Entries taken from a collection
BEGIN

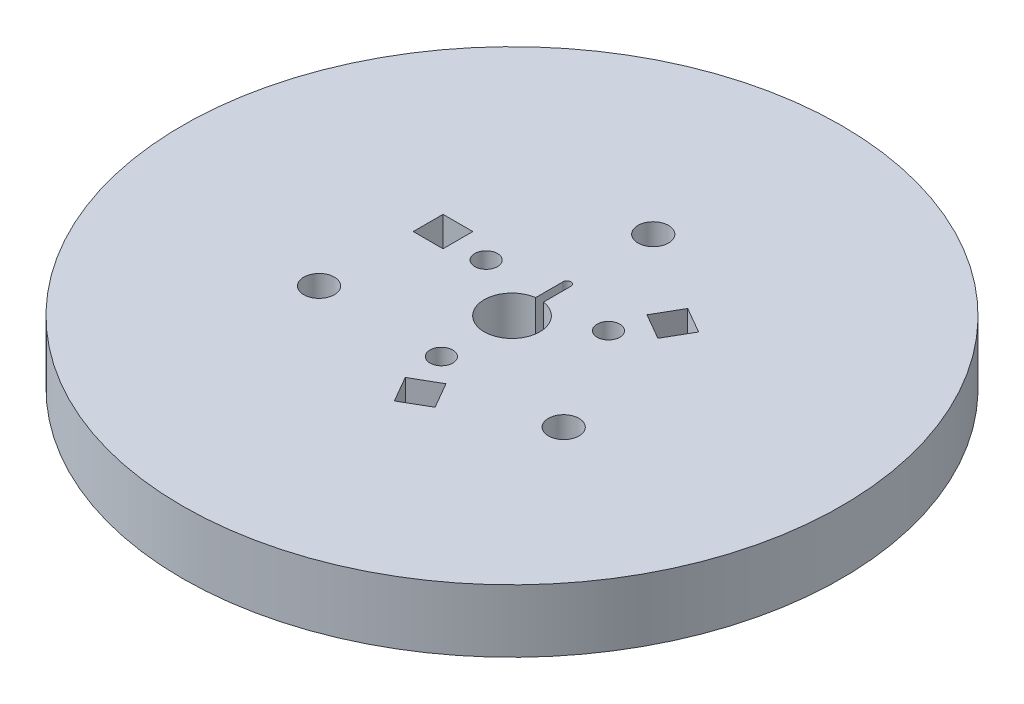
SolidWorks part; units mm, degrees
material "PE Low Density Film"
ref_plane "Front Plane" through (0, 0, 0) normal (0, 0, 1) x (1, 0, 0)
ref_plane "Top Plane" through (0, 0, 0) normal (0, 1, 0) x (1, 0, 0)
ref_plane "Right Plane" through (0, 0, 0) normal (1, 0, 0) x (0, 0, -1)
sketch "Sketch1" plane through (0, 0, 0) normal (0, 1, 0) x (1, 0, 0)
  line L0 (0, 0) -> (0, 18) construction
  line L1 (0, 0) -> (15.5885, -9) construction
  line L2 (0, 0) -> (-15.5885, -9) construction
  line L3 (0, 0) -> (7.7942, 4.5) construction
  line L4 (0, 0) -> (0, -9) construction
  line L5 (0, 0) -> (-7.7942, 4.5) construction
  circle A0 centre (0, 0) radius 42
  circle A2 centre (0, 18) radius 1.95
  circle A3 centre (15.5885, -9) radius 1.95
  circle A4 centre (-15.5885, -9) radius 1.95
  circle A5 centre (0, 0) radius 3.55
  circle A9 centre (7.7942, 4.5) radius 1.45
  circle A10 centre (0, -9) radius 1.45
  circle A11 centre (-7.7942, 4.5) radius 1.45
  dimension "D2" = 3.9
  dimension "D3" = 84
  dimension "D6" = 2.9
  dimension "D9" = 7.1
  dimension "D1" = 18
  dimension "D5" = 60
  dimension "D7" = 9
  dimension "D4" = 3
  dimension "D8" = 3
extrude "Boss-Extrude1" add sketch "Sketch1" along normal blind 8
sketch "Sketch3" plane through (0, 8, 0) normal (0, 1, 0) x (1, 0, 0)
  line L0 (0, 7) -> (0, 0) construction
  line L1 (0.5, 7) -> (0.5, 0)
  line L2 (-0.5, 7) -> (-0.5, 0)
  arc A0 (0.5, 7) -> (-0.5, 7) centre (0, 7) ccw
  arc A1 (-0.5, 0) -> (0.5, 0) centre (0, 0) ccw
  point P2 (0, 3.5)
  dimension "D2" = 0.5
  dimension "D1" = 7
extrude "Cut-Extrude2" cut sketch "Sketch3" against normal blind 10
sketch "Sketch4" plane through (0, 8, 0) normal (0, 1, 0) x (1, 0, 0)
  line L1 (0, 0) -> (0, -18) construction
  line L6 (0, -18) -> (5.1962, -15) construction
  line L8 (1.9053, -16.9) -> (5.1962, -15)
  line L9 (1.9053, -16.9) -> (0.0053, -13.6091)
  line L10 (5.1962, -15) -> (3.2962, -11.7091)
  line L11 (0.0053, -13.6091) -> (3.2962, -11.7091)
  line L12 (-15.5885, 6.8) -> (-15.5885, 3)
  line L13 (-15.5885, 6.8) -> (-11.7885, 6.8)
  line L14 (-15.5885, 3) -> (-11.7885, 3)
  line L15 (-11.7885, 6.8) -> (-11.7885, 3)
  line L16 (0, 0) -> (-15.5885, 9) construction
  line L17 (-15.5885, 9) -> (-15.5885, 3) construction
  line L18 (13.6832, 10.1) -> (10.3923, 12)
  line L19 (13.6832, 10.1) -> (11.7832, 6.8091)
  line L20 (10.3923, 12) -> (8.4923, 8.7091)
  line L21 (11.7832, 6.8091) -> (8.4923, 8.7091)
  line L22 (0, 0) -> (15.5885, 9) construction
  line L23 (15.5885, 9) -> (10.3923, 12) construction
  line L24 (0, 0) -> (3.2962, -11.7091) construction
  line L25 (0, 0) -> (-11.7885, 3) construction
  circle A0 centre (15.5885, -9) radius 10 construction
  dimension "D3" = 120
  dimension "D5" = 20
  dimension "D1" = 18
  dimension "D2" = 60
  dimension "D4" = 3
  dimension "D6" = 90
  dimension "D7" = 6
  dimension "D8" = 3.8
extrude "Cut-Extrude3" cut sketch "Sketch4" against normal blind 35
sketch "Sketch5" plane through (0, 0, 0) normal (0, -1, 0) x (1, 0, 0)
  line L0 (-0.5, -7) -> (-0.5, -3.5146) construction
  line L1 (0.5, -3.5146) -> (0.5, -7) construction
  line L2 (-0.5, -7) -> (-0.5, -3.5146)
  line L3 (0.5, -3.5146) -> (0.5, -7)
  circle A0 centre (0, 0) radius 12
  circle A1 centre (0, 9) radius 1.45 construction
  circle A2 centre (-7.7942, -4.5) radius 1.45 construction
  arc A3 (-0.5, -7) -> (0.5, -7) centre (0, -7) ccw construction
  arc A4 (0.5, -3.5146) -> (-0.5, -3.5146) centre (0, 0) ccw construction
  circle A5 centre (7.7942, -4.5) radius 1.45 construction
  circle A6 centre (0, 9) radius 1.45
  circle A7 centre (-7.7942, -4.5) radius 1.45
  arc A8 (-0.5, -7) -> (0.5, -7) centre (0, -7) ccw
  arc A9 (0.5, -3.5146) -> (-0.5, -3.5146) centre (0, 0) ccw
  circle A10 centre (7.7942, -4.5) radius 1.45
  dimension "D1" = 24
extrude "Boss-Extrude2" add sketch "Sketch5" along normal blind 3
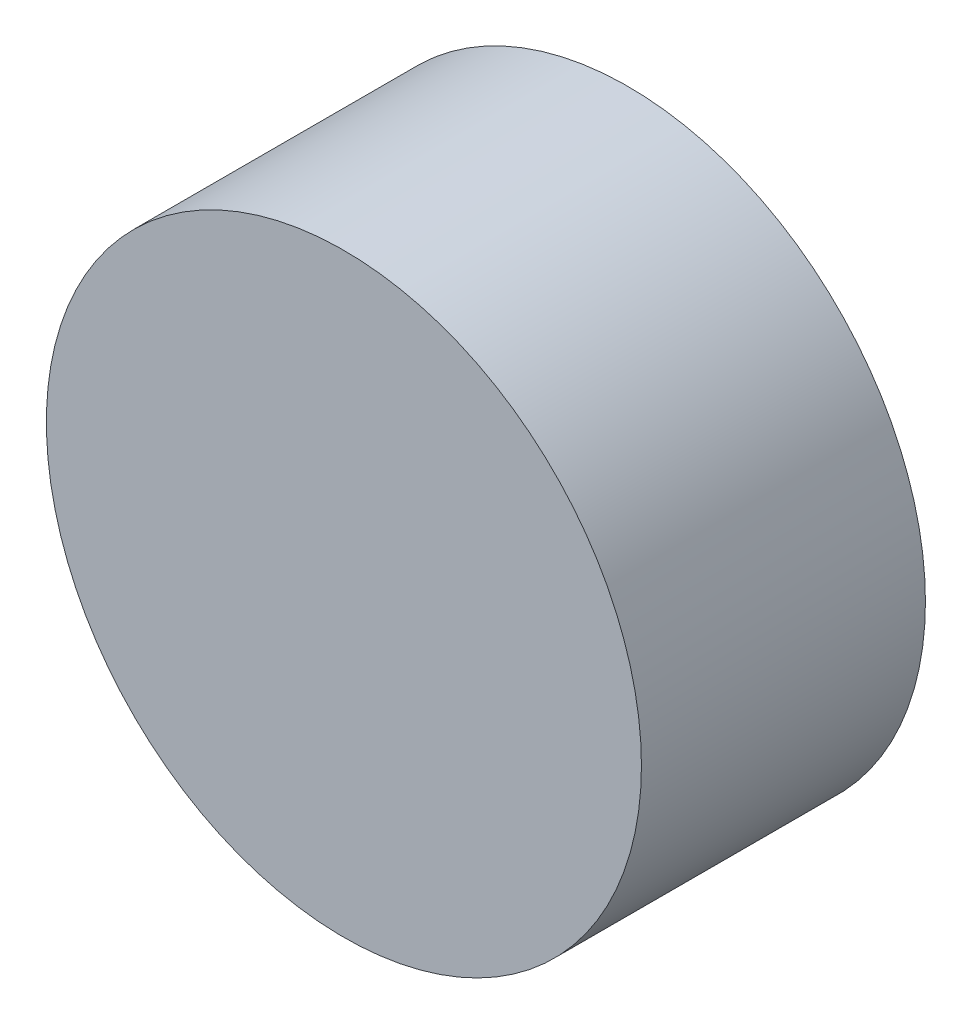
SolidWorks part; units mm, degrees
ref_plane "Front Plane" through (0, 0, 0) normal (0, 0, 1) x (1, 0, 0)
ref_plane "Top Plane" through (0, 0, 0) normal (0, 1, 0) x (1, 0, 0)
ref_plane "Right Plane" through (0, 0, 0) normal (1, 0, 0) x (0, 0, -1)
sketch "Sketch1" plane through (0, 0, 0) normal (0, 0, 1) x (1, 0, 0)
  circle A0 centre (0, 0) radius 34.925
  dimension "D1" = 69.85
extrude "Boss-Extrude1" add sketch "Sketch1" along normal blind 33.3375

END

### Directions
Your copy must hold every record above in its exact wording and must hold no pictures.

### The completed task
SolidWorks part; units mm, degrees
material "PE Low Density Film"
ref_plane "Front Plane" through (0, 0, 0) normal (0, 0, 1) x (1, 0, 0)
ref_plane "Top Plane" through (0, 0, 0) normal (0, 1, 0) x (1, 0, 0)
ref_plane "Right Plane" through (0, 0, 0) normal (1, 0, 0) x (0, 0, -1)
sketch "Sketch1" plane through (0, 0, 0) normal (0, 1, 0) x (1, 0, 0)
  line L0 (0, 0) -> (0, 18) construction
  line L1 (0, 0) -> (15.5885, -9) construction
  line L2 (0, 0) -> (-15.5885, -9) construction
  line L3 (0, 0) -> (7.7942, 4.5) construction
  line L4 (0, 0) -> (0, -9) construction
  line L5 (0, 0) -> (-7.7942, 4.5) construction
  circle A0 centre (0, 0) radius 42
  circle A2 centre (0, 18) radius 1.95
  circle A3 centre (15.5885, -9) radius 1.95
  circle A4 centre (-15.5885, -9) radius 1.95
  circle A5 centre (0, 0) radius 3.55
  circle A9 centre (7.7942, 4.5) radius 1.45
  circle A10 centre (0, -9) radius 1.45
  circle A11 centre (-7.7942, 4.5) radius 1.45
  dimension "D2" = 3.9
  dimension "D3" = 84
  dimension "D6" = 2.9
  dimension "D9" = 7.1
  dimension "D1" = 18
  dimension "D5" = 60
  dimension "D7" = 9
  dimension "D4" = 3
  dimension "D8" = 3
extrude "Boss-Extrude1" add sketch "Sketch1" along normal blind 8
sketch "Sketch3" plane through (0, 8, 0) normal (0, 1, 0) x (1, 0, 0)
  line L0 (0, 7) -> (0, 0) construction
  line L1 (0.5, 7) -> (0.5, 0)
  line L2 (-0.5, 7) -> (-0.5, 0)
  arc A0 (0.5, 7) -> (-0.5, 7) centre (0, 7) ccw
  arc A1 (-0.5, 0) -> (0.5, 0) centre (0, 0) ccw
  point P2 (0, 3.5)
  dimension "D2" = 0.5
  dimension "D1" = 7
extrude "Cut-Extrude2" cut sketch "Sketch3" against normal blind 10
sketch "Sketch4" plane through (0, 8, 0) normal (0, 1, 0) x (1, 0, 0)
  line L1 (0, 0) -> (0, -18) construction
  line L6 (0, -18) -> (5.1962, -15) construction
  line L8 (1.9053, -16.9) -> (5.1962, -15)
  line L9 (1.9053, -16.9) -> (0.0053, -13.6091)
  line L10 (5.1962, -15) -> (3.2962, -11.7091)
  line L11 (0.0053, -13.6091) -> (3.2962, -11.7091)
  line L12 (-15.5885, 6.8) -> (-15.5885, 3)
  line L13 (-15.5885, 6.8) -> (-11.7885, 6.8)
  line L14 (-15.5885, 3) -> (-11.7885, 3)
  line L15 (-11.7885, 6.8) -> (-11.7885, 3)
  line L16 (0, 0) -> (-15.5885, 9) construction
  line L17 (-15.5885, 9) -> (-15.5885, 3) construction
  line L18 (13.6832, 10.1) -> (10.3923, 12)
  line L19 (13.6832, 10.1) -> (11.7832, 6.8091)
  line L20 (10.3923, 12) -> (8.4923, 8.7091)
  line L21 (11.7832, 6.8091) -> (8.4923, 8.7091)
  line L22 (0, 0) -> (15.5885, 9) construction
  line L23 (15.5885, 9) -> (10.3923, 12) construction
  line L24 (0, 0) -> (3.2962, -11.7091) construction
  line L25 (0, 0) -> (-11.7885, 3) construction
  circle A0 centre (15.5885, -9) radius 10 construction
  dimension "D3" = 120
  dimension "D5" = 20
  dimension "D1" = 18
  dimension "D2" = 60
  dimension "D4" = 3
  dimension "D6" = 90
  dimension "D7" = 6
  dimension "D8" = 3.8
extrude "Cut-Extrude3" cut sketch "Sketch4" against normal blind 35
sketch "Sketch5" plane through (0, 0, 0) normal (0, -1, 0) x (1, 0, 0)
  line L0 (-0.5, -7) -> (-0.5, -3.5146) construction
  line L1 (0.5, -3.5146) -> (0.5, -7) construction
  line L2 (-0.5, -7) -> (-0.5, -3.5146)
  line L3 (0.5, -3.5146) -> (0.5, -7)
  circle A0 centre (0, 0) radius 12
  circle A1 centre (0, 9) radius 1.45 construction
  circle A2 centre (-7.7942, -4.5) radius 1.45 construction
  arc A3 (-0.5, -7) -> (0.5, -7) centre (0, -7) ccw construction
  arc A4 (0.5, -3.5146) -> (-0.5, -3.5146) centre (0, 0) ccw construction
  circle A5 centre (7.7942, -4.5) radius 1.45 construction
  circle A6 centre (0, 9) radius 1.45
  circle A7 centre (-7.7942, -4.5) radius 1.45
  arc A8 (-0.5, -7) -> (0.5, -7) centre (0, -7) ccw
  arc A9 (0.5, -3.5146) -> (-0.5, -3.5146) centre (0, 0) ccw
  circle A10 centre (7.7942, -4.5) radius 1.45
  dimension "D1" = 24
extrude "Boss-Extrude2" add sketch "Sketch5" along normal blind 3
SolidWorks part; units mm, degrees
ref_plane "Front Plane" through (0, 0, 0) normal (0, 0, 1) x (1, 0, 0)
ref_plane "Top Plane" through (0, 0, 0) normal (0, 1, 0) x (1, 0, 0)
ref_plane "Right Plane" through (0, 0, 0) normal (1, 0, 0) x (0, 0, -1)
sketch "Sketch1" plane through (0, 0, 0) normal (0, 0, 1) x (1, 0, 0)
  circle A0 centre (0, 0) radius 34.925
  dimension "D1" = 69.85
extrude "Boss-Extrude1" add sketch "Sketch1" along normal blind 33.3375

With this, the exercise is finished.